→ **Data for processing**:
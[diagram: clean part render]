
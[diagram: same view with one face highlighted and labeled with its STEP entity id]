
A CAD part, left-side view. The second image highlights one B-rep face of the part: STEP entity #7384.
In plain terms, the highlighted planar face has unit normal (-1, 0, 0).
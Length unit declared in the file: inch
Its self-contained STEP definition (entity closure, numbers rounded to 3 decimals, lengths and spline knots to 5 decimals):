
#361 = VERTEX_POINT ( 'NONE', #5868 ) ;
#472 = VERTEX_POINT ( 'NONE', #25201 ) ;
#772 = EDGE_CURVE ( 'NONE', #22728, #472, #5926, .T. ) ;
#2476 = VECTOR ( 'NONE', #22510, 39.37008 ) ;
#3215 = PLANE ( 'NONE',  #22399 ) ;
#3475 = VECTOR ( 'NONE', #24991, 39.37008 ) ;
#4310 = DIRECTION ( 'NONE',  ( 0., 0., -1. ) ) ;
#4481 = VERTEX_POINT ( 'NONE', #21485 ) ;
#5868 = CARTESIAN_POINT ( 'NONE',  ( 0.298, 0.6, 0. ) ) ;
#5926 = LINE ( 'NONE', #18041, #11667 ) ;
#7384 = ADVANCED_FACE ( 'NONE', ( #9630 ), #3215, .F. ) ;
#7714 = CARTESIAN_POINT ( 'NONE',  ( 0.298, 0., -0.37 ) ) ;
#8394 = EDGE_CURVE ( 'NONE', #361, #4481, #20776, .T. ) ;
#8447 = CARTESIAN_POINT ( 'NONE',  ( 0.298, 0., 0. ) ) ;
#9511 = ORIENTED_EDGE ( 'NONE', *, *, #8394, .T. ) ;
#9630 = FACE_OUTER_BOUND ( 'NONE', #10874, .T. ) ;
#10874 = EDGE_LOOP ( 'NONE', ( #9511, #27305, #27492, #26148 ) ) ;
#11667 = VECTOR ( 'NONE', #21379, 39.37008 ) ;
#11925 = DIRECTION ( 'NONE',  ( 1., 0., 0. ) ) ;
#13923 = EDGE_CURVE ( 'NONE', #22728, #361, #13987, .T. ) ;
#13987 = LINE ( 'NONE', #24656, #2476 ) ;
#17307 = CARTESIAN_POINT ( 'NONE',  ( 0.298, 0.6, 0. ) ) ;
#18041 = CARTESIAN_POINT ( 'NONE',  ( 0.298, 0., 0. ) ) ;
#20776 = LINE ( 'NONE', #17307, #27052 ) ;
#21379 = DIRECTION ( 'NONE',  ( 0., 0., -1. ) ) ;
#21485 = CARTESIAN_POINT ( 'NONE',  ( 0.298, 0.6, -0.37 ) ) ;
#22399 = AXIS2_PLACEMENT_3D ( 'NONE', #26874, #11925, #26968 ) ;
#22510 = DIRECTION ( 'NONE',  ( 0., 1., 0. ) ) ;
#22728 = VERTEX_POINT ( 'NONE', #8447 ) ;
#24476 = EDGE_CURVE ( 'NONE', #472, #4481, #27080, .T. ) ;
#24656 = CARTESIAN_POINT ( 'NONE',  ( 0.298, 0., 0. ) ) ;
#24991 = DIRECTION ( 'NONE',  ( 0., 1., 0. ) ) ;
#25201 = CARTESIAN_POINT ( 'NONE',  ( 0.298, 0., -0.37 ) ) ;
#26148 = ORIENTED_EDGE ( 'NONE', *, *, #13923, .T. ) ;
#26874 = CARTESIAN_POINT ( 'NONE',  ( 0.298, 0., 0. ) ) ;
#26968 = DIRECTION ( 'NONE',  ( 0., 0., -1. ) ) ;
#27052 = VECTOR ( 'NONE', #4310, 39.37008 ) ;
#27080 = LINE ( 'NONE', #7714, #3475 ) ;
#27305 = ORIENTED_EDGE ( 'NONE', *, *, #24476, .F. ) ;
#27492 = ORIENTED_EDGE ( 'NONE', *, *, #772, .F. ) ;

→ **Assignment**: In the listing above, find the line with "#3215 = PLANE" and the line with "#20776 = LINE ( 'NONE', #17307, #27052 ) ;", then print exactly those lines and every line between them.

→ **Written answer**:
#3215 = PLANE ( 'NONE',  #22399 ) ;
#3475 = VECTOR ( 'NONE', #24991, 39.37008 ) ;
#4310 = DIRECTION ( 'NONE',  ( 0., 0., -1. ) ) ;
#4481 = VERTEX_POINT ( 'NONE', #21485 ) ;
#5868 = CARTESIAN_POINT ( 'NONE',  ( 0.298, 0.6, 0. ) ) ;
#5926 = LINE ( 'NONE', #18041, #11667 ) ;
#7384 = ADVANCED_FACE ( 'NONE', ( #9630 ), #3215, .F. ) ;
#7714 = CARTESIAN_POINT ( 'NONE',  ( 0.298, 0., -0.37 ) ) ;
#8394 = EDGE_CURVE ( 'NONE', #361, #4481, #20776, .T. ) ;
#8447 = CARTESIAN_POINT ( 'NONE',  ( 0.298, 0., 0. ) ) ;
#9511 = ORIENTED_EDGE ( 'NONE', *, *, #8394, .T. ) ;
#9630 = FACE_OUTER_BOUND ( 'NONE', #10874, .T. ) ;
#10874 = EDGE_LOOP ( 'NONE', ( #9511, #27305, #27492, #26148 ) ) ;
#11667 = VECTOR ( 'NONE', #21379, 39.37008 ) ;
#11925 = DIRECTION ( 'NONE',  ( 1., 0., 0. ) ) ;
#13923 = EDGE_CURVE ( 'NONE', #22728, #361, #13987, .T. ) ;
#13987 = LINE ( 'NONE', #24656, #2476 ) ;
#17307 = CARTESIAN_POINT ( 'NONE',  ( 0.298, 0.6, 0. ) ) ;
#18041 = CARTESIAN_POINT ( 'NONE',  ( 0.298, 0., 0. ) ) ;
#20776 = LINE ( 'NONE', #17307, #27052 ) ;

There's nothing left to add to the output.